If you speak Cantonese, are your parents from Hong Kong rather than mainland China? Because obviously the cultures are very different (although possibly converging more as time goes on). If so, I think there are many things that you could be very proud of from your home culture - and I say that as a westerner raising my child in HK, by choice, since I don’t think the UK has anything to offer the young anymore.
It sounds like any thought of “Chinese culture” will remind you of the pain your parents caused, but they are separate things. Their abuse is not a “Chinese tradition” (though I do admit, Chinese parents can be much harder on their kids than westerners, I would imagine because with hundreds of thousands more in the population, everyone has to try harder to get a decent living, so it comes from a place of love, though it seems the opposite and gets taken way too far).
What I can see from living in a culture that is so vastly different from the UK is that the values are still absolutely admirable - for the average person, family is paramount, people are polite and genuinely want to help each other, old people are respected, crime is extremely low, there is no aggression or anger in the way there is in the UK, there is a sense of community - literally, where I live, you could forget your wallet on a table outside (in one of the many community spaces) and it would still be there in the morning, no one would take it.
Clearly there are political issues and massive imbalances of power - but how different is that really from the UK, with the crappy government and the royal family? I saw someone was arrested during the coronation for holding up a blank piece of paper. Not so different then.

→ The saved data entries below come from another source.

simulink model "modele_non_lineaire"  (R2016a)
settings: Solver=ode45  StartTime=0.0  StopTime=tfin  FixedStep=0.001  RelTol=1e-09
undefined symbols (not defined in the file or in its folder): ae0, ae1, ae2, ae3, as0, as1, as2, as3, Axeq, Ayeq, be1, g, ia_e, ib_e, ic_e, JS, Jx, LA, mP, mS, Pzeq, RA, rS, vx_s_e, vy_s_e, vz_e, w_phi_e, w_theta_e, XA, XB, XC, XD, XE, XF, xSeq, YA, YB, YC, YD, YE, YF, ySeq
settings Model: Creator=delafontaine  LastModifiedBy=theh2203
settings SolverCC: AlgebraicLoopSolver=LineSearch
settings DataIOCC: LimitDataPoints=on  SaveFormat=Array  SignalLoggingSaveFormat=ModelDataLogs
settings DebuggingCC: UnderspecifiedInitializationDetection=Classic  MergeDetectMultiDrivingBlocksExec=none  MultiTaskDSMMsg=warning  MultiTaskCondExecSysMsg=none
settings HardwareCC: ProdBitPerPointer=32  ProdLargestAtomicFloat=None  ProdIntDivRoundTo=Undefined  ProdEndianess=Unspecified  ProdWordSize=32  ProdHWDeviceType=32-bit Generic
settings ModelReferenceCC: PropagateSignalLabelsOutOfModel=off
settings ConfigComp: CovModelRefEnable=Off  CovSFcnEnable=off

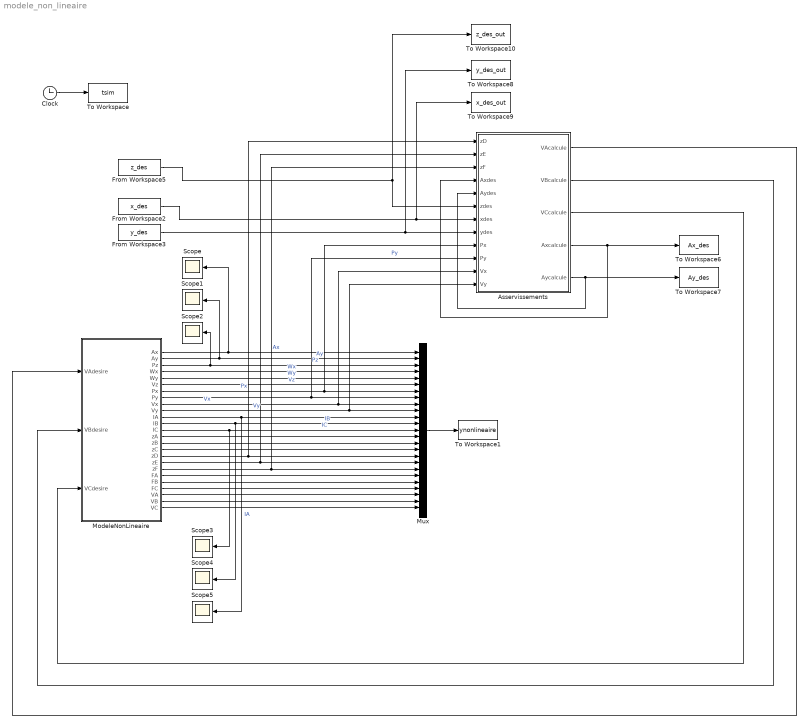
== system modele_non_lineaire ==
  Asservissements : Subsystem
      mask help: Simulink:masks:GenSFuncDesc_MD
      mask Help: eval('feval(''rtwprivate'',''rtwhelpview'',''rtw_sfcn_block'')');
  Clock : Clock
  From Workspace2 : FromWorkspace  VariableName=x_des  SampleTime=0  Interpolate=off  OutputAfterFinalValue=Holding final value
  From Workspace3 : FromWorkspace  VariableName=y_des  SampleTime=0  Interpolate=off  OutputAfterFinalValue=Holding final value
  From Workspace5 : FromWorkspace  VariableName=z_des  SampleTime=0  Interpolate=off  OutputAfterFinalValue=Holding final value
  ModeleNonLineaire : Subsystem
      mask help: Simulink:masks:GenSFuncDesc_MD
      mask Help: eval('feval(''rtwprivate'',''rtwhelpview'',''rtw_sfcn_block'')');
  Mux : Mux  Inputs=25
  Scope{,1..5} (6 alike) : Scope
  To Workspace : ToWorkspace  VariableName=tsim  SampleTime=-1
  To Workspace1 : ToWorkspace  VariableName=ynonlineaire  SampleTime=-1
  To Workspace10 : ToWorkspace  VariableName=z_des_out  SampleTime=-1
  To Workspace6 : ToWorkspace  VariableName=Ax_des  SampleTime=-1
  To Workspace7 : ToWorkspace  VariableName=Ay_des  SampleTime=-1
  To Workspace8 : ToWorkspace  VariableName=y_des_out  SampleTime=-1
  To Workspace9 : ToWorkspace  VariableName=x_des_out  SampleTime=-1
  wires:
  Mux/1 -> To Workspace1/1
  Clock/1 -> To Workspace/1
  From Workspace5/1 -> Asservissements/6(zdes), To Workspace10/1
  ModeleNonLineaire/1(Ax) -> Scope/1, Mux/1  "Ax"
  ModeleNonLineaire/2(Ay) -> Scope1/1, Mux/2  "Ay"
  ModeleNonLineaire/3(Pz) -> Scope2/1, Mux/3  "Pz"
  ModeleNonLineaire/4(Wx) -> Mux/4  "Wx"
  ModeleNonLineaire/5(Wy) -> Mux/5  "Wy"
  ModeleNonLineaire/6(Vz) -> Mux/6  "Vz"
  ModeleNonLineaire/7(Px) -> Asservissements/9(Px), Mux/7  "Px"
  ModeleNonLineaire/8(Py) -> Asservissements/10(Py), Mux/8  "Py"
  ModeleNonLineaire/9(Vx) -> Asservissements/11(Vx), Mux/9  "Vx"
  ModeleNonLineaire/10(Vy) -> Asservissements/12(Vy), Mux/10  "Vy"
  ModeleNonLineaire/11(IA) -> Scope5/1, Mux/11  "IA"
  ModeleNonLineaire/12(IB) -> Scope4/1, Mux/12  "IB"
  ModeleNonLineaire/13(IC) -> Scope3/1, Mux/13  "IC"
  From Workspace3/1 -> Asservissements/8(ydes), To Workspace8/1
  From Workspace2/1 -> Asservissements/7(xdes), To Workspace9/1
  ModeleNonLineaire/20(FA) -> Mux/20
  ModeleNonLineaire/21(FB) -> Mux/21
  ModeleNonLineaire/22(FC) -> Mux/22
  ModeleNonLineaire/23(VA) -> Mux/23
  ModeleNonLineaire/24(VB) -> Mux/24
  ModeleNonLineaire/25(VC) -> Mux/25
  ModeleNonLineaire/17(zD) -> Asservissements/1(zD), Mux/17
  ModeleNonLineaire/18(zE) -> Mux/18, Asservissements/2(zE)
  ModeleNonLineaire/19(zF) -> Asservissements/3(zF), Mux/19
  ModeleNonLineaire/14(zA) -> Mux/14
  ModeleNonLineaire/16(zC) -> Mux/16
  Asservissements/4(Axcalcule) -> Asservissements/4(Axdes), To Workspace6/1
  Asservissements/5(Aycalcule) -> Asservissements/5(Aydes), To Workspace7/1
  Asservissements/1(VAcalcule) -> ModeleNonLineaire/1(VAdesire)
  Asservissements/2(VBcalcule) -> ModeleNonLineaire/2(VBdesire)
  Asservissements/3(VCcalcule) -> ModeleNonLineaire/3(VCdesire)
  ModeleNonLineaire/15(zB) -> Mux/15

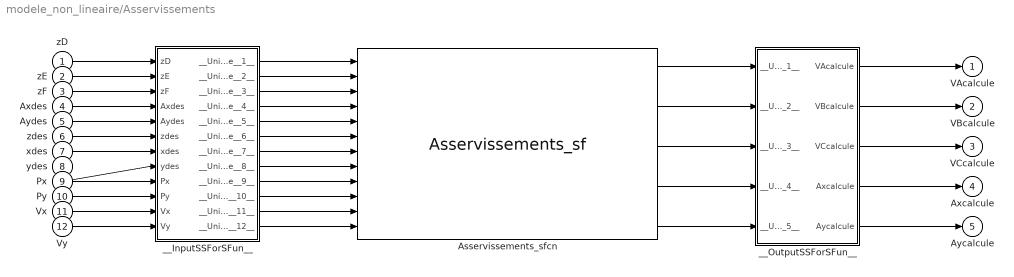
== system modele_non_lineaire/Asservissements ==
  zD : Inport
  zE : Inport  Port=2
  zF : Inport  Port=3
  Axdes : Inport  Port=4
  Aydes : Inport  Port=5
  zdes : Inport  Port=6
  xdes : Inport  Port=7
  ydes : Inport  Port=8
  Px : Inport  Port=9
  Py : Inport  Port=10
  Vx : Inport  Port=11
  Vy : Inport  Port=12
  Asservissements_sfcn : S-Function  FunctionName=Asservissements_sf  SFunctionModules=""  SFunctionDeploymentMode=off  EnableBusSupport=off  mask{rtw_sf_name=Asservissements_sf, showVar=off}
      mask prompts: rtw_sf_name "Simulink:masks:GenSFuncName_MP"; showVar "Simulink:masks:GenSFuncShowModuleList_MP"
      mask help: Simulink:masks:GenSFuncDesc_MD
      mask init:
      | displist = '';
      | if ~strcmp(get_param(gcb, 'FunctionName'), rtw_sf_name);
      |   set_param(gcb, 'FunctionName', rtw_sf_name);
      | end
      | % Check if we are generating code
      | rtw_mode = false;
      | if strcmpi(get_param(bdroot(gcb),'SimulationStatus'),'Initializing')
      | 	rtw_mode = strcmpi(get_param(bdroot(gcb),'BuildingRTWCode'),'on') && ...
      | 		~strcmpi(get_param(bdroot(gcb),'TargetStyle'),'SimulationTarget');
      | end
      | if showVar || rtw_mode
      | 	if exist('rtwsfunc') == 2 | exist('rtwsfunc') == 6
      | 		tmplist = rtwsfunc(rtw_sf_name,gcb);
      | 		tmplist = DAStudio.message('Simulink:masks:GenSFuncListOfModules_IC', tmplist);
      | 	elseif showVar
      | 		tmplist1 = DAStudio.message('Simulink:masks:GenSFuncListOfModules_IC', '');
      |         tmplist2 = DAStudio.message('Simulink:masks:GenSFuncNotLicensed_IC');
      |         tmplist = [tmplist1 tmplist2];
      |  	end
      | end
      | if showVar
      |   displist = tmplist;
      | end
      settings: CopyFcn=|
      | if ~strcmp(get_param(gcb,'Linkstatus'),'none') && ...
      | ~strcmp(get_param(gcb,'Linkstatus'),'implicit')
      |   set_param(gcb,'LinkStatus','none');
      | end
      mask Help: eval('feval(''rtwprivate'',''rtwhelpview'',''rtw_sfcn_block'')');
      mask Display:
      | port_label('input',1,'zD');
      | port_label('input',2,'zE');
      | port_label('input',3,'zF');
      | port_label('input',4,'Axdes');
      | port_label('input',5,'Aydes');
      | port_label('input',6,'zdes');
      | port_label('input',7,'xdes');
      | port_label('input',8,'ydes');
      | port_label('input',9,'Px');
      | port_label('input',10,'Py');
      | port_label('input',11,'Vx');
      | port_label('input',12,'Vy');
      | port_label('output',1,'VAcalcule');
      | port_label('output',2,'VBcalcule');
      | port_label('output',3,'VCcalcule');
      | port_label('output',4,'Axcalcule');
      | port_label('output',5,'Aycalcule');
  __InputSSForSFun__ : Subsystem
  __OutputSSForSFun__ : Subsystem
  VAcalcule : Outport
  VBcalcule : Outport  Port=2
  VCcalcule : Outport  Port=3
  Axcalcule : Outport  Port=4
  Aycalcule : Outport  Port=5
  wires:
  zD/1 -> __InputSSForSFun__/1(zD)
  zE/1 -> __InputSSForSFun__/2(zE)
  zF/1 -> __InputSSForSFun__/3(zF)
  Axdes/1 -> __InputSSForSFun__/4(Axdes)
  Aydes/1 -> __InputSSForSFun__/5(Aydes)
  zdes/1 -> __InputSSForSFun__/6(zdes)
  xdes/1 -> __InputSSForSFun__/7(xdes)
  ydes/1 -> __InputSSForSFun__/8(ydes)
  Px/1 -> __InputSSForSFun__/9(Px)
  Py/1 -> __InputSSForSFun__/10(Py)
  Vx/1 -> __InputSSForSFun__/11(Vx)
  Vy/1 -> __InputSSForSFun__/12(Vy)
  __InputSSForSFun__/1(__UniqueOutportName__1__) -> Asservissements_sfcn/1
  __InputSSForSFun__/2(__UniqueOutportName__2__) -> Asservissements_sfcn/2
  __InputSSForSFun__/3(__UniqueOutportName__3__) -> Asservissements_sfcn/3
  __InputSSForSFun__/4(__UniqueOutportName__4__) -> Asservissements_sfcn/4
  __InputSSForSFun__/5(__UniqueOutportName__5__) -> Asservissements_sfcn/5
  __InputSSForSFun__/6(__UniqueOutportName__6__) -> Asservissements_sfcn/6
  __InputSSForSFun__/7(__UniqueOutportName__7__) -> Asservissements_sfcn/7
  __InputSSForSFun__/8(__UniqueOutportName__8__) -> Asservissements_sfcn/8
  __InputSSForSFun__/9(__UniqueOutportName__9__) -> Asservissements_sfcn/9
  __InputSSForSFun__/10(__UniqueOutportName__10__) -> Asservissements_sfcn/10
  __InputSSForSFun__/11(__UniqueOutportName__11__) -> Asservissements_sfcn/11
  __InputSSForSFun__/12(__UniqueOutportName__12__) -> Asservissements_sfcn/12
  Asservissements_sfcn/1 -> __OutputSSForSFun__/1(__UniqueInportName__1__)
  Asservissements_sfcn/2 -> __OutputSSForSFun__/2(__UniqueInportName__2__)
  Asservissements_sfcn/3 -> __OutputSSForSFun__/3(__UniqueInportName__3__)
  Asservissements_sfcn/4 -> __OutputSSForSFun__/4(__UniqueInportName__4__)
  Asservissements_sfcn/5 -> __OutputSSForSFun__/5(__UniqueInportName__5__)
  __OutputSSForSFun__/1(VAcalcule) -> VAcalcule/1
  __OutputSSForSFun__/2(VBcalcule) -> VBcalcule/1
  __OutputSSForSFun__/3(VCcalcule) -> VCcalcule/1
  __OutputSSForSFun__/4(Axcalcule) -> Axcalcule/1
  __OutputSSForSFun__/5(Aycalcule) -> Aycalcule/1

I don’t think it is at all unreasonable to give your children fully British names, it will no doubt make their lives much simpler in the UK. But I would hope that you still teach them that they are part of the whole wealth of Chinese history and fable, it is in their blood and they should be proud! Mooncakes, shadow puppets, dragon dances, boat races, mid-Autumn festival, new year, lycee, rich Chinese and Cantonese cuisine, language, art, architecture, textiles, a population that survived a brutal invasion by Japanese forces (again, if HK) - if you can separate your heritage and what you belong to, from your parents’ abuse, you could maybe reclaim it with your children, and be proud of who you are without it causing so much pain?